» **RECORDS TO PROCESS**

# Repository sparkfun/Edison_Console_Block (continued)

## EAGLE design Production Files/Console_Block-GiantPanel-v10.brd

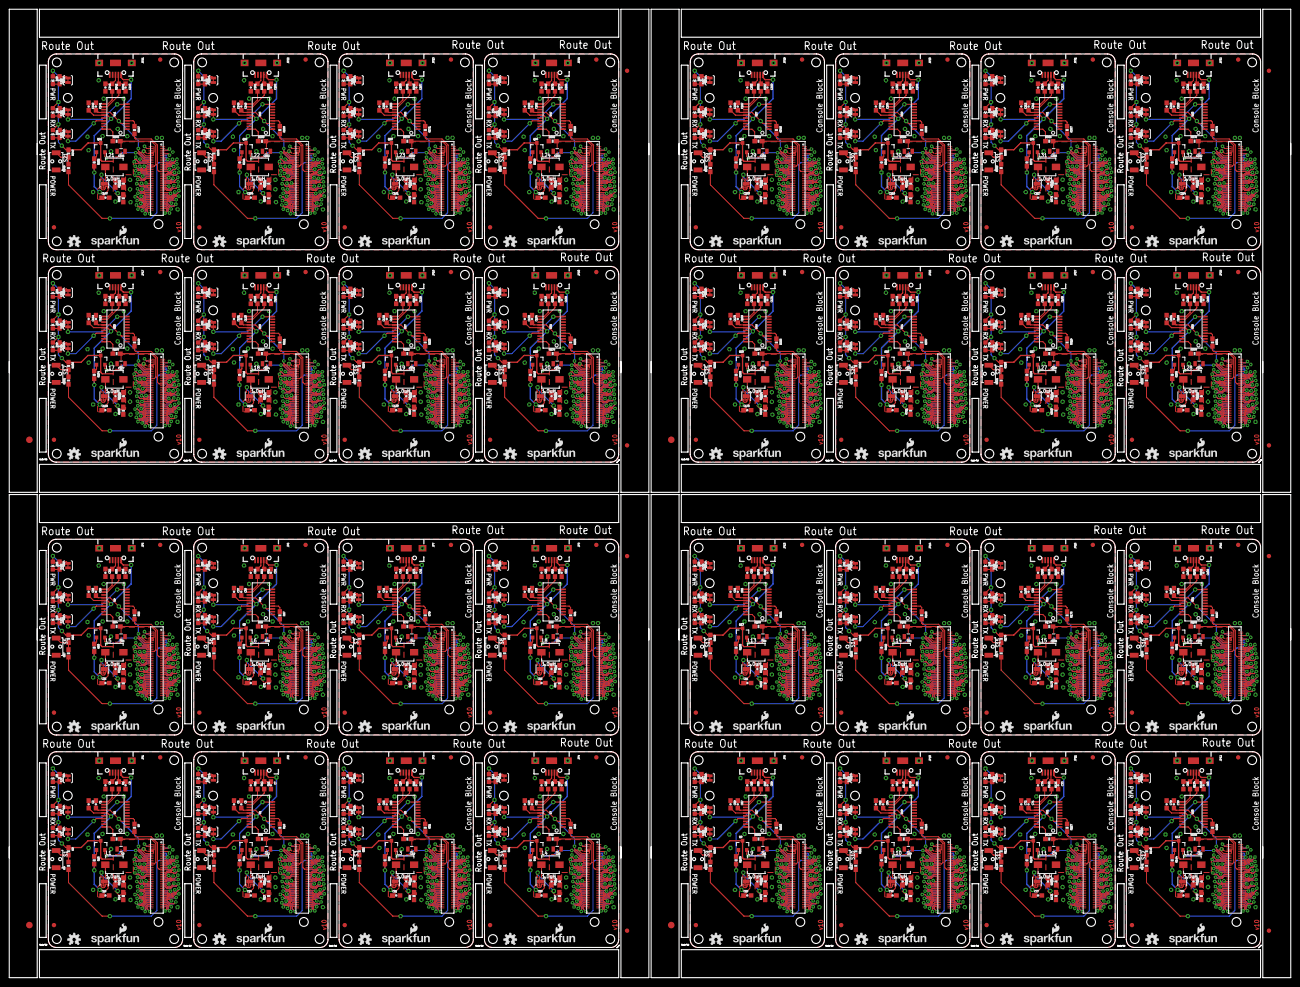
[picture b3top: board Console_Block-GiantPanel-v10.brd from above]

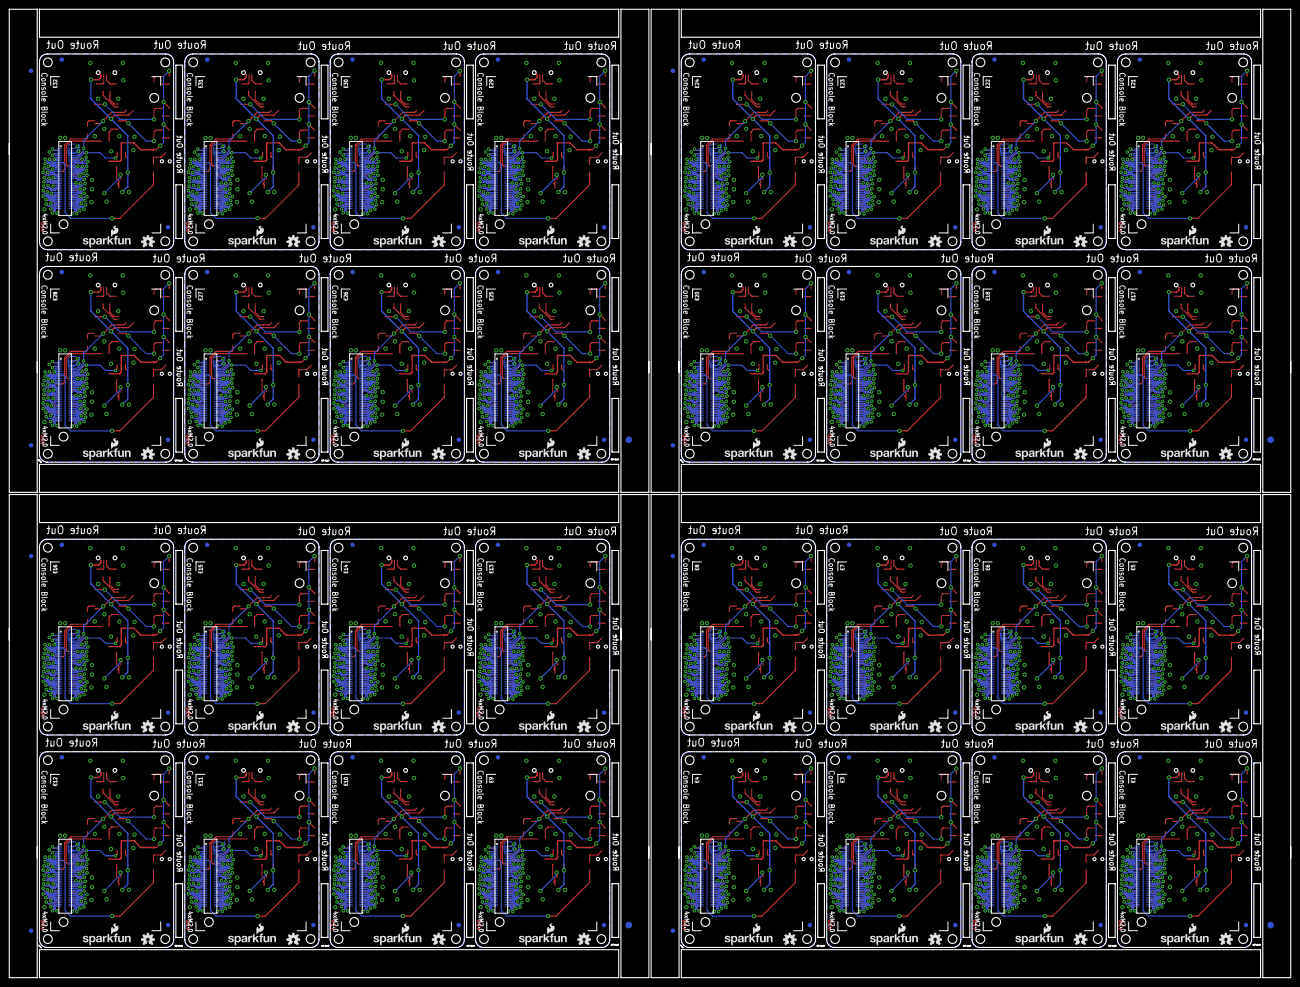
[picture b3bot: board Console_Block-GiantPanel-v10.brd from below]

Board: 2 copper layers, 291.1 x 220.0 mm, 1336 parts (204 on the bottom side), 2464 nets.

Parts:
C1, C2, C5, C6, C15, C16, C22, C23, C29, C30, C36, C37, C43, C44, C50, C51, C57, C58, C64, C65, C71, C72, C78, C79, C85, C86, C92, C93, C99, C100, C106, C107, C113, C114, C120, C121, C127, C128, C134, C135, C141, C142, C148, C149, C155, C156, C162, C163, C169, C170, C176, C177, C183, C184, C190, C191, C197, C198, C204, C205, C211, C212, C218, C219: 0.1uF; 0603-CAP
C3, C4, C7, C9, C11, C13, C17, C18, C20, C24, C25, C27, C31, C32, C34, C38, C39, C41, C45, C46, C48, C52, C53, C55, C59, C60, C62, C66, C67, C69, C73, C74, C76, C80, C81, C83, C87, C88, C90, C94, C95, C97, C101, C102, C104, C108, C109, C111, C115, C116, C118, C122, C123, C125, C129, C130, C132, C136, C137, C139, C143, C144, C146, C150, C151, C153, C157, C158, C160, C164, C165, C167, C171, C172, C174, C178, C179, C181, C185, C186, C188, C192, C193, C195, C199, C200, C202, C206, C207, C209, C213, C214, C216, C220, C221, C223: 47pF; 0603-CAP
C8, C12, C19, C26, C33, C40, C47, C54, C61, C68, C75, C82, C89, C96, C103, C110, C117, C124, C131, C138, C145, C152, C159, C166, C173, C180, C187, C194, C201, C208, C215, C222: 22uF; 0805
C10, C14, C21, C28, C35, C42, C49, C56, C63, C70, C77, C84, C91, C98, C105, C112, C119, C126, C133, C140, C147, C154, C161, C168, C175, C182, C189, C196, C203, C210, C217, C224: 4.7uF; 0603-CAP
D1, D4, D7, D10, D13, D16, D19, D22, D25, D28, D31, D34, D37, D40, D43, D46, D49, D52, D55, D58, D61, D64, D67, D70, D73, D76, D79, D82, D85, D88, D91, D94: RED; LED-0603
D2, D5, D8, D11, D14, D17, D20, D23, D26, D29, D32, D35, D38, D41, D44, D47, D50, D53, D56, D59, D62, D65, D68, D71, D74, D77, D80, D83, D86, D89, D92, D95: YELLOW; LED-0603
D3, D6, D9, D12, D15, D18, D21, D24, D27, D30, D33, D36, D39, D42, D45, D48, D51, D54, D57, D60, D63, D66, D69, D72, D75, D78, D81, D84, D87, D90, D93, D96: BLUE; LED-0603
E1, E2, E3, E4, E5, E6, E7, E8, E9, E10, E11, E12, E13, E14, E15, E16, E17, E18, E19, E20, E21, E22, E23, E24, E25, E26, E27, E28, E29, E30, E31, E32: EDISON_CONNECTOR_FULLMOUNTING_HOLES; EDISON_DAUGHTER
E$1, E$2, E$9, E$10, E$15, E$16, E$21, E$22: FIDUCIAL-1.5X3
E$3, E$4, E$5, E$6, E$7, E$8, E$11, E$12, E$13, E$14, E$17, E$18, E$19, E$20, E$23, E$24: FIDUCIAL-1X2
FID1, FID2, FID3, FID4, FID5, FID6, FID7, FID8, FID9, FID10, FID11, FID12, FID13, FID14, FID15, FID16, FID17, FID18, FID19, FID20, FID21, FID22, FID23, FID24, FID25, FID26, FID27, FID28, FID29, FID30, FID31, FID32, FID33, FID34, FID35, FID36, FID37, FID38, FID39, FID40, FID41, FID42, FID43, FID44, FID45, FID46, FID47, FID48, FID49, FID50, FID51, FID52, FID53, FID54, FID55, FID56, FID57, FID58, FID59, FID60, FID61, FID62, FID63, FID64, FID65, FID66, FID67, FID68, FID69, FID70, FID71, FID72, FID73, FID74, FID75, FID76, FID77, FID78, FID79, FID80, FID81, FID82, FID83, FID84, FID85, FID86, FID87, FID88, FID89, FID90, FID91, FID92, FID93, FID94, FID95, FID96, FID97, FID98, FID99, FID100, FID101, FID102, FID103, FID104, FID105, FID106, FID107, FID108, FID109, FID110, FID111, FID112, FID113, FID114, FID115, FID116, FID117, FID118, FID119, FID120, FID121, FID122, FID123, FID124, FID125, FID126, FID127, FID128: FIDUCIAL1X2; FIDUCIAL-1X2
JP1, JP2, JP3, JP4, JP5, JP6, JP7, JP8, JP9, JP10, JP11, JP12, JP13, JP14, JP15, JP16, JP17, JP18, JP19, JP20, JP21, JP22, JP23, JP24, JP25, JP26, JP27, JP28, JP29, JP30, JP31, JP32: USB_MICROB; USB-B-MICRO-SMD_V03
L1, L2, L3, L4, L5, L6, L7, L8, L9, L10, L11, L12, L13, L14, L15, L16, L17, L18, L19, L20, L21, L22, L23, L24, L25, L26, L27, L28, L29, L30, L31, L32: 1.0uH; INDUCTOR-SRP4020
LOGO1, LOGO3, LOGO6, LOGO7, LOGO10, LOGO11, LOGO14, LOGO15, LOGO18, LOGO19, LOGO22, LOGO23, LOGO26, LOGO27, LOGO30, LOGO31, LOGO34, LOGO35, LOGO38, LOGO39, LOGO42, LOGO43, LOGO46, LOGO47, LOGO50, LOGO51, LOGO54, LOGO55, LOGO58, LOGO59, LOGO62, LOGO63, LOGO66, LOGO67, LOGO70, LOGO71, LOGO74, LOGO75, LOGO78, LOGO79, LOGO82, LOGO83, LOGO86, LOGO87, LOGO90, LOGO91, LOGO94, LOGO95, LOGO98, LOGO99, LOGO102, LOGO103, LOGO106, LOGO107, LOGO110, LOGO111, LOGO114, LOGO115, LOGO118, LOGO119, LOGO122, LOGO123, LOGO126, LOGO127: SFE_LOGO_NAME_FLAME.1_INCH; SFE_LOGO_NAME_FLAME_.1
LOGO2, LOGO4, LOGO5, LOGO8, LOGO9, LOGO12, LOGO13, LOGO16, LOGO17, LOGO20, LOGO21, LOGO24, LOGO25, LOGO28, LOGO29, LOGO32, LOGO33, LOGO36, LOGO37, LOGO40, LOGO41, LOGO44, LOGO45, LOGO48, LOGO49, LOGO52, LOGO53, LOGO56, LOGO57, LOGO60, LOGO61, LOGO64, LOGO65, LOGO68, LOGO69, LOGO72, LOGO73, LOGO76, LOGO77, LOGO80, LOGO81, LOGO84, LOGO85, LOGO88, LOGO89, LOGO92, LOGO93, LOGO96, LOGO97, LOGO100, LOGO101, LOGO104, LOGO105, LOGO108, LOGO109, LOGO112, LOGO113, LOGO116, LOGO117, LOGO120, LOGO121, LOGO124, LOGO125, LOGO128: OSHW-LOGOS; OSHW-LOGO-S
Q1, Q2, Q3, Q4, Q5, Q6, Q7, Q8, Q9, Q10, Q11, Q12, Q13, Q14, Q15, Q16, Q17, Q18, Q19, Q20, Q21, Q22, Q23, Q24, Q25, Q26, Q27, Q28, Q29, Q30, Q31, Q32: BSS138; SOT23-3
R1, R2, R11, R12, R25, R26, R37, R38, R49, R50, R61, R62, R73, R74, R85, R86, R97, R98, R109, R110, R121, R122, R133, R134, R145, R146, R157, R158, R169, R170, R181, R182, R193, R194, R205, R206, R217, R218, R229, R230, R241, R242, R253, R254, R265, R266, R277, R278, R289, R290, R301, R302, R313, R314, R325, R326, R337, R338, R349, R350, R361, R362, R373, R374: 27; 0603
R3, R4, R5, R10, R15, R16, R17, R24, R27, R28, R29, R36, R39, R40, R41, R48, R51, R52, R53, R60, R63, R64, R65, R72, R75, R76, R77, R84, R87, R88, R89, R96, R99, R100, R101, R108, R111, R112, R113, R120, R123, R124, R125, R132, R135, R136, R137, R144, R147, R148, R149, R156, R159, R160, R161, R168, R171, R172, R173, R180, R183, R184, R185, R192, R195, R196, R197, R204, R207, R208, R209, R216, R219, R220, R221, R228, R231, R232, R233, R240, R243, R244, R245, R252, R255, R256, R257, R264, R267, R268, R269, R276, R279, R280, R281, R288, R291, R292, R293, R300, R303, R304, R305, R312, R315, R316, R317, R324, R327, R328, R329, R336, R339, R340, R341, R348, R351, R352, R353, R360, R363, R364, R365, R372, R375, R376, R377, R384: 1K; 0603-RES
R6, R7, R18, R19, R30, R31, R42, R43, R54, R55, R66, R67, R78, R79, R90, R91, R102, R103, R114, R115, R126, R127, R138, R139, R150, R151, R162, R163, R174, R175, R186, R187, R198, R199, R210, R211, R222, R223, R234, R235, R246, R247, R258, R259, R270, R271, R282, R283, R294, R295, R306, R307, R318, R319, R330, R331, R342, R343, R354, R355, R366, R367, R378, R379: 100; 0603-RES
R8, R20, R32, R44, R56, R68, R80, R92, R104, R116, R128, R140, R152, R164, R176, R188, R200, R212, R224, R236, R248, R260, R272, R284, R296, R308, R320, R332, R344, R356, R368, R380: 10K; 0603-RES
R9, R21, R33, R45, R57, R69, R81, R93, R105, R117, R129, R141, R153, R165, R177, R189, R201, R213, R225, R237, R249, R261, R273, R285, R297, R309, R321, R333, R345, R357, R369, R381: 22; 0603-RES
R13, R22, R34, R46, R58, R70, R82, R94, R106, R118, R130, R142, R154, R166, R178, R190, R202, R214, R226, R238, R250, R262, R274, R286, R298, R310, R322, R334, R346, R358, R370, R382: 680k; 0603-RES
R14, R23, R35, R47, R59, R71, R83, R95, R107, R119, R131, R143, R155, R167, R179, R191, R203, R215, R227, R239, R251, R263, R275, R287, R299, R311, R323, R335, R347, R359, R371, R383: 120k; 0603-RES
S1, S2, S3, S4, S5, S6, S7, S8, S9, S10, S11, S12, S13, S14, S15, S16, S17, S18, S19, S20, S21, S22, S23, S24, S25, S26, S27, S28, S29, S30, S31, S32: POWER; TACTILE_SWITCH-SMD-RIGHT-ANGLE
SJ1, SJ2, SJ3, SJ4, SJ5, SJ6, SJ7, SJ8, SJ9, SJ10, SJ11, SJ12, SJ13, SJ14, SJ15, SJ16, SJ17, SJ18, SJ19, SJ20, SJ21, SJ22, SJ23, SJ24, SJ25, SJ26, SJ27, SJ28, SJ29, SJ30, SJ31, SJ32, SJ33, SJ34, SJ35, SJ36, SJ37, SJ38, SJ39, SJ40, SJ41, SJ42, SJ43, SJ44, SJ45, SJ46, SJ47, SJ48, SJ49, SJ50, SJ51, SJ52, SJ53, SJ54, SJ55, SJ56, SJ57, SJ58, SJ59, SJ60, SJ61, SJ62, SJ63, SJ64, SJ65, SJ66, SJ67, SJ68, SJ69, SJ70, SJ71, SJ72, SJ73, SJ74, SJ75, SJ76, SJ77, SJ78, SJ79, SJ80, SJ81, SJ82, SJ83, SJ84, SJ85, SJ86, SJ87, SJ88, SJ89, SJ90, SJ91, SJ92, SJ93, SJ94, SJ95, SJ96: JUMPER-PAD-2-NC_BY_TRACE; PAD-JUMPER-2-NC_BY_TRACE_YES_SILK
U1, U2, U5, U7, U9, U11, U13, U15, U17, U19, U21, U23, U25, U27, U29, U31, U33, U35, U37, U39, U41, U43, U45, U47, U49, U51, U53, U55, U57, U59, U61, U63: FT231XS-U; SSOP20_L
U3, U4, U6, U8, U10, U12, U14, U16, U18, U20, U22, U24, U26, U28, U30, U32, U34, U36, U38, U40, U42, U44, U46, U48, U50, U52, U54, U56, U58, U60, U62, U64: TPS62065; WSON-8-PAD
U$1, U$2, U$3, U$4, U$5, U$6, U$7, U$8, U$9, U$10, U$11, U$12, U$13, U$14, U$15, U$16, U$17, U$18, U$19, U$20, U$21, U$22, U$23, U$24, U$25, U$26, U$27, U$28, U$29, U$30, U$31, U$32: EDISON_CONNECTOR_FULLHEADER; DF40C-70DP-0.4(51)

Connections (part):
1.8V: C1.2, E1.12, U2.3, U2.14, U$3.12
1.8V1: C5.2, E2.12, U1.3, U1.14, U$1.12
1.8V2: C15.2, E3.12, U5.3, U5.14, U$2.12
1.8V3: C22.2, E4.12, U7.3, U7.14, U$4.12
1.8V4: C29.2, E5.12, U9.3, U9.14, U$5.12
1.8V5: C36.2, E6.12, U11.3, U11.14, U$6.12
1.8V6: C43.2, E7.12, U13.3, U13.14, U$7.12
1.8V7: C50.2, E8.12, U15.3, U15.14, U$8.12
1.8V8: C57.2, E9.12, U17.3, U17.14, U$9.12
1.8V9: C64.2, E10.12, U19.3, U19.14, U$10.12
1.8V10: C71.2, E11.12, U21.3, U21.14, U$11.12
1.8V11: C78.2, E12.12, U23.3, U23.14, U$12.12
1.8V12: C85.2, E13.12, U25.3, U25.14, U$13.12
1.8V13: C92.2, E14.12, U27.3, U27.14, U$14.12
1.8V14: C99.2, E15.12, U29.3, U29.14, U$15.12
1.8V15: C106.2, E16.12, U31.3, U31.14, U$16.12
1.8V16: C113.2, E17.12, U33.3, U33.14, U$17.12
1.8V17: C120.2, E18.12, U35.3, U35.14, U$18.12
1.8V18: C127.2, E19.12, U37.3, U37.14, U$19.12
1.8V19: C134.2, E20.12, U39.3, U39.14, U$20.12
1.8V20: C141.2, E21.12, U41.3, U41.14, U$21.12
1.8V21: C148.2, E22.12, U43.3, U43.14, U$22.12
1.8V22: C155.2, E23.12, U45.3, U45.14, U$23.12
1.8V23: C162.2, E24.12, U47.3, U47.14, U$24.12
1.8V24: C169.2, E25.12, U49.3, U49.14, U$25.12
1.8V25: C176.2, E26.12, U51.3, U51.14, U$26.12
1.8V26: C183.2, E27.12, U53.3, U53.14, U$27.12
1.8V27: C190.2, E28.12, U55.3, U55.14, U$28.12
1.8V28: C197.2, E29.12, U57.3, U57.14, U$29.12
1.8V29: C204.2, E30.12, U59.3, U59.14, U$30.12
1.8V30: C211.2, E31.12, U61.3, U61.14, U$31.12
1.8V31: C218.2, E32.12, U63.3, U63.14, U$32.12
3.3V: E1.8, E1.10, U$3.8, U$3.10
3.3V1: E2.8, E2.10, U$1.8, U$1.10
3.3V2: E3.8, E3.10, U$2.8, U$2.10
3.3V3: E4.8, E4.10, U$4.8, U$4.10
3.3V4: E5.8, E5.10, U$5.8, U$5.10
3.3V5: E6.8, E6.10, U$6.8, U$6.10
3.3V6: E7.8, E7.10, U$7.8, U$7.10
3.3V7: E8.8, E8.10, U$8.8, U$8.10
3.3V8: E9.8, E9.10, U$9.8, U$9.10
3.3V9: E10.8, E10.10, U$10.8, U$10.10
3.3V10: E11.8, E11.10, U$11.8, U$11.10
3.3V11: E12.8, E12.10, U$12.8, U$12.10
3.3V12: E13.8, E13.10, U$13.8, U$13.10
3.3V13: E14.8, E14.10, U$14.8, U$14.10
3.3V14: E15.8, E15.10, U$15.8, U$15.10
3.3V15: E16.8, E16.10, U$16.8, U$16.10
3.3V16: E17.8, E17.10, U$17.8, U$17.10
3.3V17: E18.8, E18.10, U$18.8, U$18.10
3.3V18: E19.8, E19.10, U$19.8, U$19.10
3.3V19: E20.8, E20.10, U$20.8, U$20.10
3.3V20: E21.8, E21.10, U$21.8, U$21.10
3.3V21: E22.8, E22.10, U$22.8, U$22.10
3.3V22: E23.8, E23.10, U$23.8, U$23.10
3.3V23: E24.8, E24.10, U$24.8, U$24.10
3.3V24: E25.8, E25.10, U$25.8, U$25.10
3.3V25: E26.8, E26.10, U$26.8, U$26.10
3.3V26: E27.8, E27.10, U$27.8, U$27.10
3.3V27: E28.8, E28.10, U$28.8, U$28.10
3.3V28: E29.8, E29.10, U$29.8, U$29.10
3.3V29: E30.8, E30.10, U$30.8, U$30.10
3.3V30: E31.8, E31.10, U$31.8, U$31.10
3.3V31: E32.8, E32.10, U$32.8, U$32.10
5V: C2.2, C10.1, JP1.VBUS1, R10.2, U2.15, U4.5, U4.7, U4.8
5V1: C6.2, C14.1, JP2.VBUS1, R24.2, U1.15, U3.5, U3.7, U3.8
5V2: C16.2, C21.1, JP3.VBUS1, R36.2, U5.15, U6.5, U6.7, U6.8
5V3: C23.2, C28.1, JP4.VBUS1, R48.2, U7.15, U8.5, U8.7, U8.8
5V4: C30.2, C35.1, JP5.VBUS1, R60.2, U9.15, U10.5, U10.7, U10.8
5V5: C37.2, C42.1, JP6.VBUS1, R72.2, U11.15, U12.5, U12.7, U12.8
5V6: C44.2, C49.1, JP7.VBUS1, R84.2, U13.15, U14.5, U14.7, U14.8
5V7: C51.2, C56.1, JP8.VBUS1, R96.2, U15.15, U16.5, U16.7, U16.8
5V8: C58.2, C63.1, JP9.VBUS1, R108.2, U17.15, U18.5, U18.7, U18.8
5V9: C65.2, C70.1, JP10.VBUS1, R120.2, U19.15, U20.5, U20.7, U20.8
5V10: C72.2, C77.1, JP11.VBUS1, R132.2, U21.15, U22.5, U22.7, U22.8
5V11: C79.2, C84.1, JP12.VBUS1, R144.2, U23.15, U24.5, U24.7, U24.8
5V12: C86.2, C91.1, JP13.VBUS1, R156.2, U25.15, U26.5, U26.7, U26.8
5V13: C93.2, C98.1, JP14.VBUS1, R168.2, U27.15, U28.5, U28.7, U28.8
5V14: C100.2, C105.1, JP15.VBUS1, R180.2, U29.15, U30.5, U30.7, U30.8
5V15: C107.2, C112.1, JP16.VBUS1, R192.2, U31.15, U32.5, U32.7, U32.8
5V16: C114.2, C119.1, JP17.VBUS1, R204.2, U33.15, U34.5, U34.7, U34.8
5V17: C121.2, C126.1, JP18.VBUS1, R216.2, U35.15, U36.5, U36.7, U36.8
5V18: C128.2, C133.1, JP19.VBUS1, R228.2, U37.15, U38.5, U38.7, U38.8
5V19: C135.2, C140.1, JP20.VBUS1, R240.2, U39.15, U40.5, U40.7, U40.8
5V20: C142.2, C147.1, JP21.VBUS1, R252.2, U41.15, U42.5, U42.7, U42.8
5V21: C149.2, C154.1, JP22.VBUS1, R264.2, U43.15, U44.5, U44.7, U44.8
5V22: C156.2, C161.1, JP23.VBUS1, R276.2, U45.15, U46.5, U46.7, U46.8
5V23: C163.2, C168.1, JP24.VBUS1, R288.2, U47.15, U48.5, U48.7, U48.8
5V24: C170.2, C175.1, JP25.VBUS1, R300.2, U49.15, U50.5, U50.7, U50.8
5V25: C177.2, C182.1, JP26.VBUS1, R312.2, U51.15, U52.5, U52.7, U52.8
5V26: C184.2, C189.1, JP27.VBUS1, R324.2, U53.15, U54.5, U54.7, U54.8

» **YOUR OBJECTIVE**
Only the lines above starting at the line that holds "U18.5, U18.7, U18.8" and ending at the line that holds "U32.5, U32.7, U32.8" are to be repeated, exactly and in full.

» **TASK ANSWER**
5V8: C58.2, C63.1, JP9.VBUS1, R108.2, U17.15, U18.5, U18.7, U18.8
5V9: C65.2, C70.1, JP10.VBUS1, R120.2, U19.15, U20.5, U20.7, U20.8
5V10: C72.2, C77.1, JP11.VBUS1, R132.2, U21.15, U22.5, U22.7, U22.8
5V11: C79.2, C84.1, JP12.VBUS1, R144.2, U23.15, U24.5, U24.7, U24.8
5V12: C86.2, C91.1, JP13.VBUS1, R156.2, U25.15, U26.5, U26.7, U26.8
5V13: C93.2, C98.1, JP14.VBUS1, R168.2, U27.15, U28.5, U28.7, U28.8
5V14: C100.2, C105.1, JP15.VBUS1, R180.2, U29.15, U30.5, U30.7, U30.8
5V15: C107.2, C112.1, JP16.VBUS1, R192.2, U31.15, U32.5, U32.7, U32.8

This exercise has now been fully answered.